Seems like it's been a long time since Germans have become paralyzed with fear over something. Life here's so comfortable that the media have to invent crises and disasters, and often the only thing that presents itself is tainted raspberries or genetically-modified food or bird flu. Headlines suddenly sprout: "Tainted-raspberry Crisis Spreads Terror in Brandenburg!" "Avian Flu Set to Destroy Civilization!" "H1N1 Virus Carves Path of Death and Misery Through Unsuspecting Middle Class!"

But it's been disappointingly quiet around here lately. So let's take a trip down memory lane! In 2006, morgues overflowed and canned-food riots erupted because of nature's latest remorseless kill-bot, the Dornfinger or yellow-sac spider. Here's the fleshy beast:

Dornfinger-die-giftigste-spinnenart-in-deutschland

You can tell that this spider became an obsession in German-speaking Europe because the German Wikipedia article on it (g) has (deservedly) won a prize. In 2006, which must have been a particularly dull summer ('Coalition Approves Preliminary Draft of Proposal for .00034% Pension Contribution Rate Adjustment'), some reporter saved the day by discovering that the Dornfinger spider's natural habitat was moving north owing to global warming, bringing Austria and Germany within its spidery crosshairs.*

Finally, something to wet our collective pants about! Dornfinger triggers Hysteria, screamed one typical headline. The article notes that after a series of breathless press reports in Austria, 190 people streamed into the hospital in Linz in one day claiming to have been bitten by one, although only 8 'even came close' to displaying the symptoms. The spider's bite, needless to say, is non-fatal, although you might have a day or two of discomfort.

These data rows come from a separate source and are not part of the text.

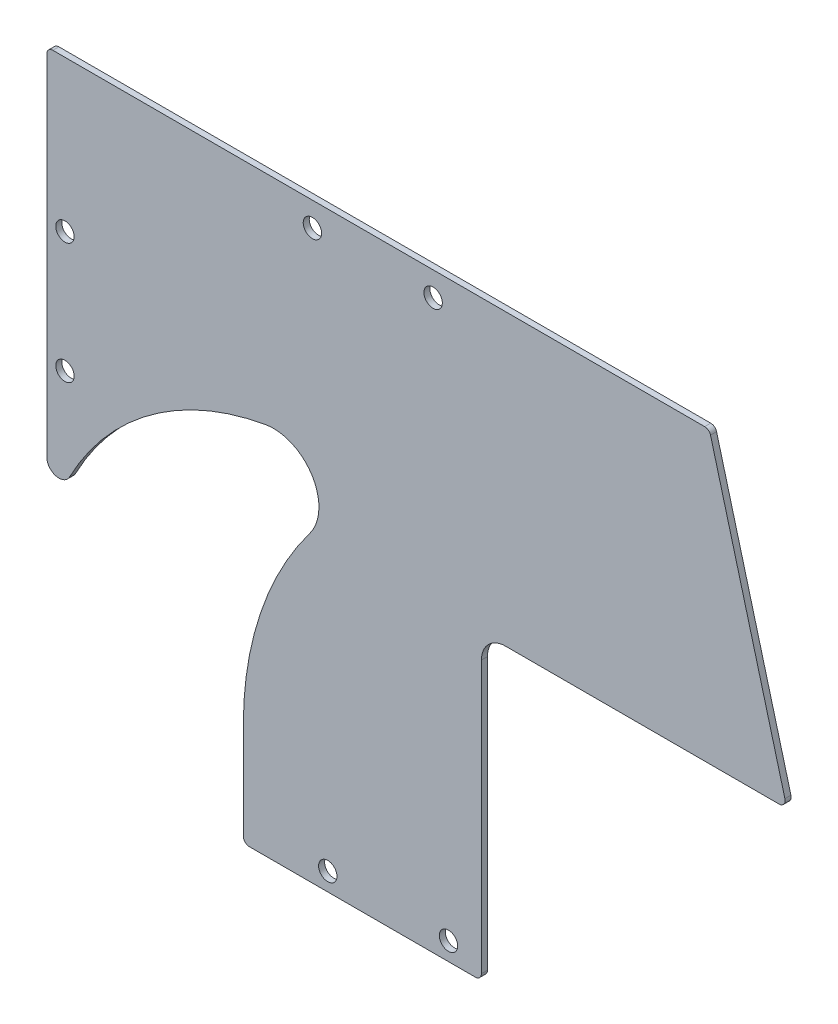
ISO-10303-21;
HEADER;
FILE_DESCRIPTION(('STEP AP214'),'2;1');
FILE_NAME('part.step','',(''),(''),'','','');
FILE_SCHEMA(('AUTOMOTIVE_DESIGN { 1 0 10303 214 1 1 1 1 }'));
ENDSEC;
DATA;
#1=APPLICATION_CONTEXT('core data for automotive mechanical design processes');
#2=APPLICATION_PROTOCOL_DEFINITION('international standard','automotive_design',2000,#1);
#3=PRODUCT_CONTEXT('',#1,'mechanical');
#4=PRODUCT('Part','Part','',(#3));
#5=PRODUCT_RELATED_PRODUCT_CATEGORY('part','',(#4));
#6=PRODUCT_DEFINITION_FORMATION('','',#4);
#7=PRODUCT_DEFINITION_CONTEXT('part definition',#1,'design');
#8=PRODUCT_DEFINITION('design','',#6,#7);
#9=PRODUCT_DEFINITION_SHAPE('','',#8);
#10=(LENGTH_UNIT() NAMED_UNIT(*) SI_UNIT(.MILLI.,.METRE.));
#11=(NAMED_UNIT(*) PLANE_ANGLE_UNIT() SI_UNIT($,.RADIAN.));
#12=(NAMED_UNIT(*) SI_UNIT($,.STERADIAN.) SOLID_ANGLE_UNIT());
#13=UNCERTAINTY_MEASURE_WITH_UNIT(LENGTH_MEASURE(1.E-05),#10,'distance_accuracy_value','');
#14=(GEOMETRIC_REPRESENTATION_CONTEXT(3) GLOBAL_UNCERTAINTY_ASSIGNED_CONTEXT((#13)) GLOBAL_UNIT_ASSIGNED_CONTEXT((#10,
#11,#12)) REPRESENTATION_CONTEXT('',''));
#15=CARTESIAN_POINT('',(0.,0.,0.));
#16=DIRECTION('',(0.,0.,1.));
#17=DIRECTION('',(1.,0.,0.));
#18=AXIS2_PLACEMENT_3D('',#15,#16,#17);
#19=CARTESIAN_POINT('',(-70.,51.5,0.5));
#20=DIRECTION('',(0.,-1.,0.));
#21=DIRECTION('',(0.,0.,-1.));
#22=AXIS2_PLACEMENT_3D('',#19,#20,#21);
#23=PLANE('',#22);
#24=DIRECTION('',(-1.,0.,0.));
#25=VECTOR('',#24,1.);
#26=CARTESIAN_POINT('',(-70.,51.5,0.5));
#27=LINE('',#26,#25);
#28=CARTESIAN_POINT('',(38.9977152093343,51.5,0.5));
#29=VERTEX_POINT('',#28);
#30=CARTESIAN_POINT('',(-69.,51.5,0.5));
#31=VERTEX_POINT('',#30);
#32=EDGE_CURVE('E186',#29,#31,#27,.T.);
#33=ORIENTED_EDGE('',*,*,#32,.F.);
#34=DIRECTION('',(0.,0.,1.));
#35=VECTOR('',#34,1.);
#36=CARTESIAN_POINT('',(38.9977152093343,51.5,0.5));
#37=LINE('',#36,#35);
#38=CARTESIAN_POINT('',(38.9977152093343,51.5,-0.5));
#39=VERTEX_POINT('',#38);
#40=EDGE_CURVE('E258',#29,#39,#37,.F.);
#41=ORIENTED_EDGE('',*,*,#40,.T.);
#42=DIRECTION('',(-1.,0.,0.));
#43=VECTOR('',#42,1.);
#44=CARTESIAN_POINT('',(-70.,51.5,-0.5));
#45=LINE('',#44,#43);
#46=CARTESIAN_POINT('',(-69.,51.5,-0.5));
#47=VERTEX_POINT('',#46);
#48=EDGE_CURVE('E337',#39,#47,#45,.T.);
#49=ORIENTED_EDGE('',*,*,#48,.T.);
#50=DIRECTION('',(0.,0.,-1.));
#51=VECTOR('',#50,1.);
#52=CARTESIAN_POINT('',(-69.,51.5,0.5));
#53=LINE('',#52,#51);
#54=EDGE_CURVE('E59',#47,#31,#53,.F.);
#55=ORIENTED_EDGE('',*,*,#54,.T.);
#56=EDGE_LOOP('',(#33,#41,#49,#55));
#57=FACE_BOUND('',#56,.T.);
#58=ADVANCED_FACE('F36',(#57),#23,.F.);
#59=CARTESIAN_POINT('',(-70.,-51.5,0.5));
#60=DIRECTION('',(1.,0.,0.));
#61=DIRECTION('',(0.,0.,-1.));
#62=AXIS2_PLACEMENT_3D('',#59,#60,#61);
#63=PLANE('',#62);
#64=DIRECTION('',(0.,-1.,0.));
#65=VECTOR('',#64,1.);
#66=CARTESIAN_POINT('',(-70.,-51.5,0.5));
#67=LINE('',#66,#65);
#68=CARTESIAN_POINT('',(-70.,50.5,0.5));
#69=VERTEX_POINT('',#68);
#70=CARTESIAN_POINT('',(-70.,-7.39181994361445,0.5));
#71=VERTEX_POINT('',#70);
#72=EDGE_CURVE('E184',#69,#71,#67,.T.);
#73=ORIENTED_EDGE('',*,*,#72,.F.);
#74=DIRECTION('',(0.,0.,-1.));
#75=VECTOR('',#74,1.);
#76=CARTESIAN_POINT('',(-70.,50.5,0.5));
#77=LINE('',#76,#75);
#78=CARTESIAN_POINT('',(-70.,50.5,-0.5));
#79=VERTEX_POINT('',#78);
#80=EDGE_CURVE('E260',#69,#79,#77,.T.);
#81=ORIENTED_EDGE('',*,*,#80,.T.);
#82=DIRECTION('',(0.,-1.,0.));
#83=VECTOR('',#82,1.);
#84=CARTESIAN_POINT('',(-70.,-51.5,-0.5));
#85=LINE('',#84,#83);
#86=CARTESIAN_POINT('',(-70.,-7.39181994361445,-0.5));
#87=VERTEX_POINT('',#86);
#88=EDGE_CURVE('E189',#79,#87,#85,.T.);
#89=ORIENTED_EDGE('',*,*,#88,.T.);
#90=DIRECTION('',(0.,0.,1.));
#91=VECTOR('',#90,1.);
#92=CARTESIAN_POINT('',(-70.,-7.39181994361445,0.5));
#93=LINE('',#92,#91);
#94=EDGE_CURVE('E206',#87,#71,#93,.T.);
#95=ORIENTED_EDGE('',*,*,#94,.T.);
#96=EDGE_LOOP('',(#73,#81,#89,#95));
#97=FACE_BOUND('',#96,.T.);
#98=ADVANCED_FACE('F341',(#97),#63,.F.);
#99=CARTESIAN_POINT('',(0.,0.,0.5));
#100=DIRECTION('',(0.,0.,-1.));
#101=DIRECTION('',(-1.,0.,0.));
#102=AXIS2_PLACEMENT_3D('',#99,#100,#101);
#103=PLANE('',#102);
#104=CARTESIAN_POINT('',(-3.45000000000001,-43.4999999999971,0.5));
#105=DIRECTION('',(0.,0.,1.));
#106=DIRECTION('',(1.,0.,0.));
#107=AXIS2_PLACEMENT_3D('',#104,#105,#106);
#108=CIRCLE('',#107,1.525);
#109=CARTESIAN_POINT('',(-1.92500000000001,-43.4999999999971,0.5));
#110=VERTEX_POINT('',#109);
#111=EDGE_CURVE('E286',#110,#110,#108,.T.);
#112=ORIENTED_EDGE('',*,*,#111,.F.);
#113=EDGE_LOOP('',(#112));
#114=FACE_BOUND('',#113,.T.);
#115=CARTESIAN_POINT('',(-23.45,-43.4999999999971,0.5));
#116=DIRECTION('',(0.,0.,1.));
#117=DIRECTION('',(1.,0.,0.));
#118=AXIS2_PLACEMENT_3D('',#115,#116,#117);
#119=CIRCLE('',#118,1.525);
#120=CARTESIAN_POINT('',(-21.925,-43.4999999999971,0.5));
#121=VERTEX_POINT('',#120);
#122=EDGE_CURVE('E289',#121,#121,#119,.T.);
#123=ORIENTED_EDGE('',*,*,#122,.F.);
#124=EDGE_LOOP('',(#123));
#125=FACE_BOUND('',#124,.T.);
#126=CARTESIAN_POINT('',(-67.,6.50000000000004,0.5));
#127=DIRECTION('',(0.,0.,-1.));
#128=DIRECTION('',(-1.,0.,0.));
#129=AXIS2_PLACEMENT_3D('',#126,#127,#128);
#130=CIRCLE('',#129,1.525);
#131=CARTESIAN_POINT('',(-68.525,6.50000000000004,0.5));
#132=VERTEX_POINT('',#131);
#133=EDGE_CURVE('E303',#132,#132,#130,.T.);
#134=ORIENTED_EDGE('',*,*,#133,.T.);
#135=EDGE_LOOP('',(#134));
#136=FACE_BOUND('',#135,.T.);
#137=CARTESIAN_POINT('',(-67.,26.5,0.5));
#138=DIRECTION('',(0.,0.,-1.));
#139=DIRECTION('',(-1.,0.,0.));
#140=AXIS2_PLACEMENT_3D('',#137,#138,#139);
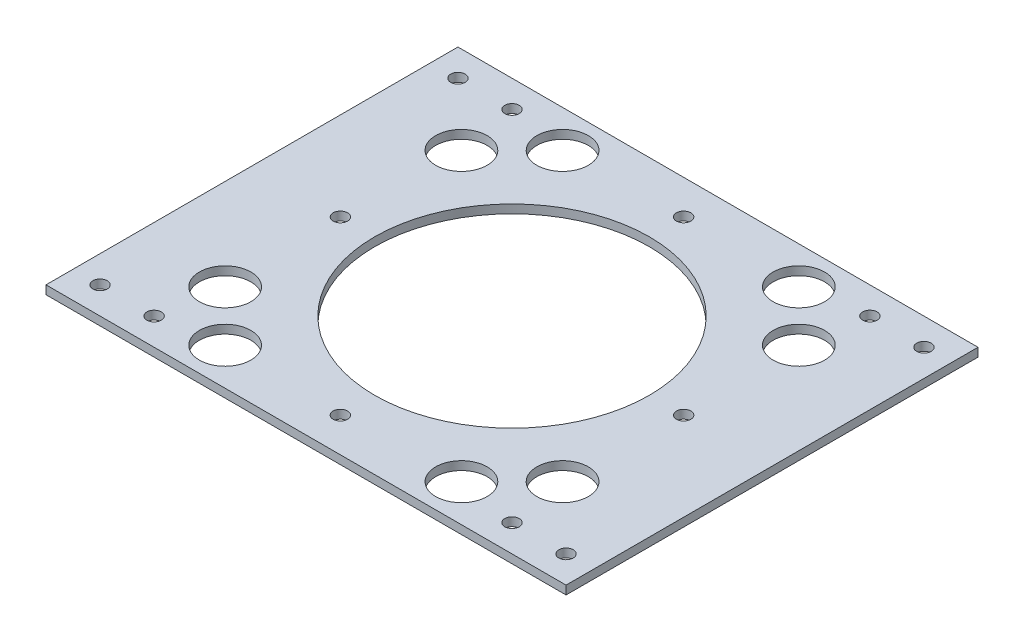
ISO-10303-21;
HEADER;
FILE_DESCRIPTION(('STEP AP214'),'2;1');
FILE_NAME('part.step','',(''),(''),'','','');
FILE_SCHEMA(('AUTOMOTIVE_DESIGN { 1 0 10303 214 1 1 1 1 }'));
ENDSEC;
DATA;
#1=APPLICATION_CONTEXT('core data for automotive mechanical design processes');
#2=APPLICATION_PROTOCOL_DEFINITION('international standard','automotive_design',2000,#1);
#3=PRODUCT_CONTEXT('',#1,'mechanical');
#4=PRODUCT('Part','Part','',(#3));
#5=PRODUCT_RELATED_PRODUCT_CATEGORY('part','',(#4));
#6=PRODUCT_DEFINITION_FORMATION('','',#4);
#7=PRODUCT_DEFINITION_CONTEXT('part definition',#1,'design');
#8=PRODUCT_DEFINITION('design','',#6,#7);
#9=PRODUCT_DEFINITION_SHAPE('','',#8);
#10=(LENGTH_UNIT() NAMED_UNIT(*) SI_UNIT(.MILLI.,.METRE.));
#11=(NAMED_UNIT(*) PLANE_ANGLE_UNIT() SI_UNIT($,.RADIAN.));
#12=(NAMED_UNIT(*) SI_UNIT($,.STERADIAN.) SOLID_ANGLE_UNIT());
#13=UNCERTAINTY_MEASURE_WITH_UNIT(LENGTH_MEASURE(1.E-05),#10,'distance_accuracy_value','');
#14=(GEOMETRIC_REPRESENTATION_CONTEXT(3) GLOBAL_UNCERTAINTY_ASSIGNED_CONTEXT((#13)) GLOBAL_UNIT_ASSIGNED_CONTEXT((#10,
#11,#12)) REPRESENTATION_CONTEXT('',''));
#15=CARTESIAN_POINT('',(0.,0.,0.));
#16=DIRECTION('',(0.,0.,1.));
#17=DIRECTION('',(1.,0.,0.));
#18=AXIS2_PLACEMENT_3D('',#15,#16,#17);
#19=CARTESIAN_POINT('',(0.,3.175,0.));
#20=DIRECTION('',(0.,-1.,0.));
#21=DIRECTION('',(0.,0.,-1.));
#22=AXIS2_PLACEMENT_3D('',#19,#20,#21);
#23=PLANE('',#22);
#24=CARTESIAN_POINT('',(-86.2,3.175,66.2));
#25=DIRECTION('',(0.,-1.,0.));
#26=DIRECTION('',(0.,0.,1.));
#27=AXIS2_PLACEMENT_3D('',#24,#25,#26);
#28=CIRCLE('',#27,2.665000004);
#29=CARTESIAN_POINT('',(-86.2,3.175,68.865000004));
#30=VERTEX_POINT('',#29);
#31=EDGE_CURVE('E398',#30,#30,#28,.T.);
#32=ORIENTED_EDGE('',*,*,#31,.T.);
#33=EDGE_LOOP('',(#32));
#34=FACE_BOUND('',#33,.T.);
#35=CARTESIAN_POINT('',(-86.2,3.175,-66.2));
#36=DIRECTION('',(0.,-1.,0.));
#37=DIRECTION('',(0.,0.,1.));
#38=AXIS2_PLACEMENT_3D('',#35,#36,#37);
#39=CIRCLE('',#38,2.665000004);
#40=CARTESIAN_POINT('',(-86.2,3.175,-63.534999996));
#41=VERTEX_POINT('',#40);
#42=EDGE_CURVE('E406',#41,#41,#39,.T.);
#43=ORIENTED_EDGE('',*,*,#42,.T.);
#44=EDGE_LOOP('',(#43));
#45=FACE_BOUND('',#44,.T.);
#46=CARTESIAN_POINT('',(86.2,3.175,66.2));
#47=DIRECTION('',(0.,1.,0.));
#48=DIRECTION('',(0.,0.,1.));
#49=AXIS2_PLACEMENT_3D('',#46,#47,#48);
#50=CIRCLE('',#49,2.665000004);
#51=CARTESIAN_POINT('',(86.2,3.175,68.865000004));
#52=VERTEX_POINT('',#51);
#53=EDGE_CURVE('E119',#52,#52,#50,.T.);
#54=ORIENTED_EDGE('',*,*,#53,.F.);
#55=EDGE_LOOP('',(#54));
#56=FACE_BOUND('',#55,.T.);
#57=CARTESIAN_POINT('',(86.2,3.175,-66.2));
#58=DIRECTION('',(0.,1.,0.));
#59=DIRECTION('',(0.,0.,1.));
#60=AXIS2_PLACEMENT_3D('',#57,#58,#59);
#61=CIRCLE('',#60,2.665000004);
#62=CARTESIAN_POINT('',(86.2,3.175,-63.534999996));
#63=VERTEX_POINT('',#62);
#64=EDGE_CURVE('E127',#63,#63,#61,.T.);
#65=ORIENTED_EDGE('',*,*,#64,.F.);
#66=EDGE_LOOP('',(#65));
#67=FACE_BOUND('',#66,.T.);
#68=CARTESIAN_POINT('',(0.,3.175,63.5));
#69=DIRECTION('',(0.,1.,0.));
#70=DIRECTION('',(0.,0.,1.));
#71=AXIS2_PLACEMENT_3D('',#68,#69,#70);
#72=CIRCLE('',#71,2.665000004);
#73=CARTESIAN_POINT('',(0.,3.175,66.165000004));
#74=VERTEX_POINT('',#73);
#75=EDGE_CURVE('E147',#74,#74,#72,.T.);
#76=ORIENTED_EDGE('',*,*,#75,.F.);
#77=EDGE_LOOP('',(#76));
#78=FACE_BOUND('',#77,.T.);
#79=CARTESIAN_POINT('',(-63.5,3.175,-2.13932557841953E-13));
#80=DIRECTION('',(0.,1.,0.));
#81=DIRECTION('',(0.,0.,1.));
#82=AXIS2_PLACEMENT_3D('',#79,#80,#81);
#83=CIRCLE('',#82,2.665000004);
#84=CARTESIAN_POINT('',(-63.5,3.175,2.66500000399978));
#85=VERTEX_POINT('',#84);
#86=EDGE_CURVE('E156',#85,#85,#83,.T.);
#87=ORIENTED_EDGE('',*,*,#86,.F.);
#88=EDGE_LOOP('',(#87));
#89=FACE_BOUND('',#88,.T.);
#90=CARTESIAN_POINT('',(4.35641622858492E-13,3.175,-63.5));
#91=DIRECTION('',(0.,1.,0.));
#92=DIRECTION('',(0.,0.,1.));
#93=AXIS2_PLACEMENT_3D('',#90,#91,#92);
#94=CIRCLE('',#93,2.665000004);
#95=CARTESIAN_POINT('',(4.35641622858492E-13,3.175,-60.834999996));
#96=VERTEX_POINT('',#95);
#97=EDGE_CURVE('E164',#96,#96,#94,.T.);
#98=ORIENTED_EDGE('',*,*,#97,.F.);
#99=EDGE_LOOP('',(#98));
#100=FACE_BOUND('',#99,.T.);
#101=CARTESIAN_POINT('',(63.5,3.175,6.57350687875031E-13));
#102=DIRECTION('',(0.,1.,0.));
#103=DIRECTION('',(0.,0.,1.));
#104=AXIS2_PLACEMENT_3D('',#101,#102,#103);
#105=CIRCLE('',#104,2.665000004);
#106=CARTESIAN_POINT('',(63.5,3.175,2.66500000400065));
#107=VERTEX_POINT('',#106);
#108=EDGE_CURVE('E172',#107,#107,#105,.T.);
#109=ORIENTED_EDGE('',*,*,#108,.F.);
#110=EDGE_LOOP('',(#109));
#111=FACE_BOUND('',#110,.T.);
#112=CARTESIAN_POINT('',(-43.7065244499497,3.175,-62.4193857748211));
#113=DIRECTION('',(0.,1.,0.));
#114=DIRECTION('',(0.,0.,1.));
#115=AXIS2_PLACEMENT_3D('',#112,#113,#114);
#116=CIRCLE('',#115,9.525);
#117=CARTESIAN_POINT('',(-43.7065244499497,3.175,-52.8943857748211));
#118=VERTEX_POINT('',#117);
#119=EDGE_CURVE('E210',#118,#118,#116,.T.);
#120=ORIENTED_EDGE('',*,*,#119,.F.);
#121=EDGE_LOOP('',(#120));
#122=FACE_BOUND('',#121,.T.);
#123=CARTESIAN_POINT('',(62.4193857748212,3.175,-43.7065244499496));
#124=DIRECTION('',(0.,1.,0.));
#125=DIRECTION('',(0.,0.,-1.));
#126=AXIS2_PLACEMENT_3D('',#123,#124,#125);
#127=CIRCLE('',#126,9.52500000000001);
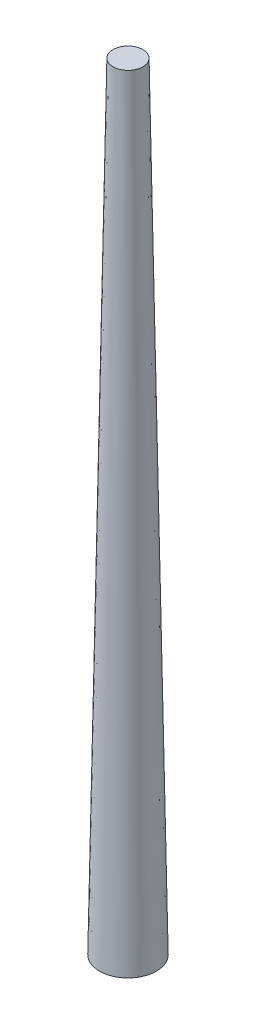
ISO-10303-21;
HEADER;
FILE_DESCRIPTION(('STEP AP214'),'2;1');
FILE_NAME('part.step','',(''),(''),'','','');
FILE_SCHEMA(('AUTOMOTIVE_DESIGN { 1 0 10303 214 1 1 1 1 }'));
ENDSEC;
DATA;
#1=APPLICATION_CONTEXT('core data for automotive mechanical design processes');
#2=APPLICATION_PROTOCOL_DEFINITION('international standard','automotive_design',2000,#1);
#3=PRODUCT_CONTEXT('',#1,'mechanical');
#4=PRODUCT('Part','Part','',(#3));
#5=PRODUCT_RELATED_PRODUCT_CATEGORY('part','',(#4));
#6=PRODUCT_DEFINITION_FORMATION('','',#4);
#7=PRODUCT_DEFINITION_CONTEXT('part definition',#1,'design');
#8=PRODUCT_DEFINITION('design','',#6,#7);
#9=PRODUCT_DEFINITION_SHAPE('','',#8);
#10=(LENGTH_UNIT() NAMED_UNIT(*) SI_UNIT(.MILLI.,.METRE.));
#11=(NAMED_UNIT(*) PLANE_ANGLE_UNIT() SI_UNIT($,.RADIAN.));
#12=(NAMED_UNIT(*) SI_UNIT($,.STERADIAN.) SOLID_ANGLE_UNIT());
#13=UNCERTAINTY_MEASURE_WITH_UNIT(LENGTH_MEASURE(1.E-05),#10,'distance_accuracy_value','');
#14=(GEOMETRIC_REPRESENTATION_CONTEXT(3) GLOBAL_UNCERTAINTY_ASSIGNED_CONTEXT((#13)) GLOBAL_UNIT_ASSIGNED_CONTEXT((#10,
#11,#12)) REPRESENTATION_CONTEXT('',''));
#15=CARTESIAN_POINT('',(0.,0.,0.));
#16=DIRECTION('',(0.,0.,1.));
#17=DIRECTION('',(1.,0.,0.));
#18=AXIS2_PLACEMENT_3D('',#15,#16,#17);
#19=CARTESIAN_POINT('',(0.,78.,0.));
#20=DIRECTION('',(0.,-1.,0.));
#21=DIRECTION('',(1.,0.,0.));
#22=AXIS2_PLACEMENT_3D('',#19,#20,#21);
#23=PLANE('',#22);
#24=CARTESIAN_POINT('',(0.,78.,0.));
#25=DIRECTION('',(0.,1.,0.));
#26=DIRECTION('',(-1.,0.,0.));
#27=AXIS2_PLACEMENT_3D('',#24,#25,#26);
#28=CIRCLE('',#27,1.5);
#29=CARTESIAN_POINT('',(-1.5,78.,0.));
#30=VERTEX_POINT('',#29);
#31=EDGE_CURVE('E10',#30,#30,#28,.T.);
#32=ORIENTED_EDGE('',*,*,#31,.T.);
#33=EDGE_LOOP('',(#32));
#34=FACE_BOUND('',#33,.T.);
#35=ADVANCED_FACE('F35',(#34),#23,.F.);
#36=CARTESIAN_POINT('',(0.,0.,0.));
#37=DIRECTION('',(0.,-1.,0.));
#38=DIRECTION('',(1.,0.,0.));
#39=AXIS2_PLACEMENT_3D('',#36,#37,#38);
#40=CONICAL_SURFACE('',#39,2.86149506440042,0.0174532925199362);
#41=ORIENTED_EDGE('',*,*,#31,.F.);
#42=EDGE_LOOP('',(#41));
#43=FACE_BOUND('',#42,.T.);
#44=CARTESIAN_POINT('',(0.,0.,0.));
#45=DIRECTION('',(0.,1.,0.));
#46=DIRECTION('',(-1.,0.,0.));
#47=AXIS2_PLACEMENT_3D('',#44,#45,#46);
#48=CIRCLE('',#47,2.86149506440042);
#49=CARTESIAN_POINT('',(-2.86149506440042,0.,0.));
#50=VERTEX_POINT('',#49);
#51=EDGE_CURVE('E41',#50,#50,#48,.T.);
#52=ORIENTED_EDGE('',*,*,#51,.T.);
#53=EDGE_LOOP('',(#52));
#54=FACE_BOUND('',#53,.T.);
#55=ADVANCED_FACE('F47',(#43,#54),#40,.T.);
#56=CARTESIAN_POINT('',(0.,0.,0.));
#57=DIRECTION('',(0.,1.,0.));
#58=DIRECTION('',(-1.,0.,0.));
#59=AXIS2_PLACEMENT_3D('',#56,#57,#58);
#60=PLANE('',#59);
#61=ORIENTED_EDGE('',*,*,#51,.F.);
#62=EDGE_LOOP('',(#61));
#63=FACE_BOUND('',#62,.T.);
#64=ADVANCED_FACE('F49',(#63),#60,.F.);
#65=CLOSED_SHELL('',(#35,#55,#64));
#66=MANIFOLD_SOLID_BREP('B2',#65);
#67=ADVANCED_BREP_SHAPE_REPRESENTATION('',(#18,#66),#14);
#68=SHAPE_DEFINITION_REPRESENTATION(#9,#67);
ENDSEC;
END-ISO-10303-21;

The German media's falling down these days. We need a crisis, and we need it fast. What'll it be this time? Horsemeat in your Wurst? Genetically-modified Lederhosen? The creeping menace of philtrum fungus? Come on, lazy reporters, start spreading the panic.

* The articles didn't mention how Southern Europeans have apparently managed to survive this fiendish predator's onslaughts for the last 8,000 years.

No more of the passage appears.